News | January 20, 1999

STEAG to Acquire AG Associates

STEAG Electronic Systems and AG Associates, Inc. today jointly announced that they have entered into a definitive agreement for STEAG to acquire all of the outstanding shares of AG Associates for $5.50 per share in cash, which represents an approximate 26% premium over the closing price of the AG Associates common stock on Friday, Jan. 15, 1999.

According to the agreement, a wholly owned subsidiary of STEAG will commence a cash tender offer for the outstanding shares of AG Associates common stock no later than Jan. 26, 1999. Following the completion of the tender offer, STEAG intends to merge the existing subsidiary with and into AG Associates. AG Associates will then become a wholly owned subsidiary of STEAG.

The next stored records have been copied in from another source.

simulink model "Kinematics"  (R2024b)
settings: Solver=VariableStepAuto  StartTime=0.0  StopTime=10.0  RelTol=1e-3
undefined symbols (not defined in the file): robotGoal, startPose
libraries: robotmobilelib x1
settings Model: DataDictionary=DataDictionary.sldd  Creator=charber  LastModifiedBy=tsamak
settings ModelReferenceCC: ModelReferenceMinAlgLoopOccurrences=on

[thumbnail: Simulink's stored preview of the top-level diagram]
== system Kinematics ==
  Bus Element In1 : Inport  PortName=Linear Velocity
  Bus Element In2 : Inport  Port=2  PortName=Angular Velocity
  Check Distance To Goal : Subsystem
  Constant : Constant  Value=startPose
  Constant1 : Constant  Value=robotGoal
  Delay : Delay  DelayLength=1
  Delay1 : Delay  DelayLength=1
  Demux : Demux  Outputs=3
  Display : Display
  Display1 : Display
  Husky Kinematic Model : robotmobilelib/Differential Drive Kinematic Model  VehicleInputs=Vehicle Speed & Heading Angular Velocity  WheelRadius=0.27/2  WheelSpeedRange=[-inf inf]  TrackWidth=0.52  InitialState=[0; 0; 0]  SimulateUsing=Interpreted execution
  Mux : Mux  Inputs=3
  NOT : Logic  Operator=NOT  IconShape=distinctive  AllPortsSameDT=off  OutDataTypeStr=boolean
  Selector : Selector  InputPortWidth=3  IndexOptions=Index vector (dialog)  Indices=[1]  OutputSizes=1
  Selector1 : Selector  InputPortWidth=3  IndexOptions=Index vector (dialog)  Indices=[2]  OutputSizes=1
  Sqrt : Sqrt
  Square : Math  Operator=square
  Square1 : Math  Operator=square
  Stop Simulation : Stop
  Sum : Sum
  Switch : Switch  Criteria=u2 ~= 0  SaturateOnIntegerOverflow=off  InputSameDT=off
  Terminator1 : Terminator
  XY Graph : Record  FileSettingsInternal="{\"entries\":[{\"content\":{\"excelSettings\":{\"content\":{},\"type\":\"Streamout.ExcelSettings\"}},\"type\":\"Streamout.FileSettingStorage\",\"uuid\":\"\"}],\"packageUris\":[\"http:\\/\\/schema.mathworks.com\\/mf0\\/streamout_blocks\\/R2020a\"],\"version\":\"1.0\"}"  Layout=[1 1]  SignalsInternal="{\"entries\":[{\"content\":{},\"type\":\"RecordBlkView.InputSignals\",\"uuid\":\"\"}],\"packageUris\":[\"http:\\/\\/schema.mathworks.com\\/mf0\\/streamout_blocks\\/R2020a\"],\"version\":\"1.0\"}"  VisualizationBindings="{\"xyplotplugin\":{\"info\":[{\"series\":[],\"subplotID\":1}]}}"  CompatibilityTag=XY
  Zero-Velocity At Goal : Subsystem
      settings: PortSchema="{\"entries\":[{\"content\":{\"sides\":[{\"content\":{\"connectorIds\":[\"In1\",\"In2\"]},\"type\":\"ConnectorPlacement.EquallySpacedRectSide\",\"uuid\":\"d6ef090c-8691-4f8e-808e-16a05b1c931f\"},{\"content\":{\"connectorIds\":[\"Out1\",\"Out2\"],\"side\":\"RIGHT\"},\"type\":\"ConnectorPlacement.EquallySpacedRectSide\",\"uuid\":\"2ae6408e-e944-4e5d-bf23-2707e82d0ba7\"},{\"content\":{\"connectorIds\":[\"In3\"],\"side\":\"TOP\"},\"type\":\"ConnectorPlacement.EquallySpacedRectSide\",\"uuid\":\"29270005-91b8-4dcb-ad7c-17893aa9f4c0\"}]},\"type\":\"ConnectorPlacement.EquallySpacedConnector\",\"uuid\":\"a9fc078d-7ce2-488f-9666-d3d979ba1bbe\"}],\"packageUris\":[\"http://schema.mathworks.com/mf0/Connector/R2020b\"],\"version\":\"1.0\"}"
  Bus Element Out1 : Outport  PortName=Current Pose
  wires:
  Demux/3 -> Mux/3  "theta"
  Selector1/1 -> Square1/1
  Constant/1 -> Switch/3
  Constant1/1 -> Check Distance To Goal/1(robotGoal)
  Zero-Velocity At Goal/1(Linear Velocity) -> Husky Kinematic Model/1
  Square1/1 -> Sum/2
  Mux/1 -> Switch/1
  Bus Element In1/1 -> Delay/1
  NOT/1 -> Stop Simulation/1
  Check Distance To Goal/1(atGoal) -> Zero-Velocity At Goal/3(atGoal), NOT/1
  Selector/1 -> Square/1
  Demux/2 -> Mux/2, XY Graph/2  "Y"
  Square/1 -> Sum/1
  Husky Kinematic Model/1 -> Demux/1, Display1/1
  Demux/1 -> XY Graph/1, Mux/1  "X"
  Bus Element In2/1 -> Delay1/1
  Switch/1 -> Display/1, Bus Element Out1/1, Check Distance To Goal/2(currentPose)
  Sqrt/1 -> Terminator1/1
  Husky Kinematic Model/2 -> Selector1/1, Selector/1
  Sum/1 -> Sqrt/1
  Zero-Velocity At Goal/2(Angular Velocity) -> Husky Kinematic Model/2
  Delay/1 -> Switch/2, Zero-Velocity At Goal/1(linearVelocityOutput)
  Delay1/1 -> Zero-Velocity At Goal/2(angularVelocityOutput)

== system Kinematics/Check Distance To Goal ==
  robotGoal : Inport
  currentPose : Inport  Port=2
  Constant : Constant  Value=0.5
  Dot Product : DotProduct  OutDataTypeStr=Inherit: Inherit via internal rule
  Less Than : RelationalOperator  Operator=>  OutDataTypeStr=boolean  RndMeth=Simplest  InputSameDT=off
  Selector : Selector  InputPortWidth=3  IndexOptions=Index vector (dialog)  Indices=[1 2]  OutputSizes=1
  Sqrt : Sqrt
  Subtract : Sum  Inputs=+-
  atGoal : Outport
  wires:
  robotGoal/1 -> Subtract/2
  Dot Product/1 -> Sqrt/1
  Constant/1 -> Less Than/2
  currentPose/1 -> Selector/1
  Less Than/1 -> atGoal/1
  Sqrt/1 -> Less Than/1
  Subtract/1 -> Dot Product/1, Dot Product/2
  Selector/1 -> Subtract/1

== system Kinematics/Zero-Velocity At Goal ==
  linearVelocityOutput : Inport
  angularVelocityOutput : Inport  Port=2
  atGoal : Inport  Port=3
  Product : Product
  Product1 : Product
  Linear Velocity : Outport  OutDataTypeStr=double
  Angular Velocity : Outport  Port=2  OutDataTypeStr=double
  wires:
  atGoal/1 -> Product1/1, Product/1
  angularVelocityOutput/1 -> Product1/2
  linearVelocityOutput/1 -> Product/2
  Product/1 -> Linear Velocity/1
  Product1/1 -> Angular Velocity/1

AG Associates' Board of Directors has unanimously approved the acquisition and has resolved to recommend to the shareholders that they accept STEAG's tender offer and tender their shares.

Consummation of the acquisition is subject to customary conditions, including expiration or termination of the waiting period under the Hart-Scott-Rodino Antitrust Improvements Act of 1976.

AG Associates is a leading supplier of rapid thermal processing (RTP) equipment to the worldwide semiconductor industry.

STEAG Electronic Systems is a leading supplier of RTP and wet processing systems for semiconductor and silicon wafer production.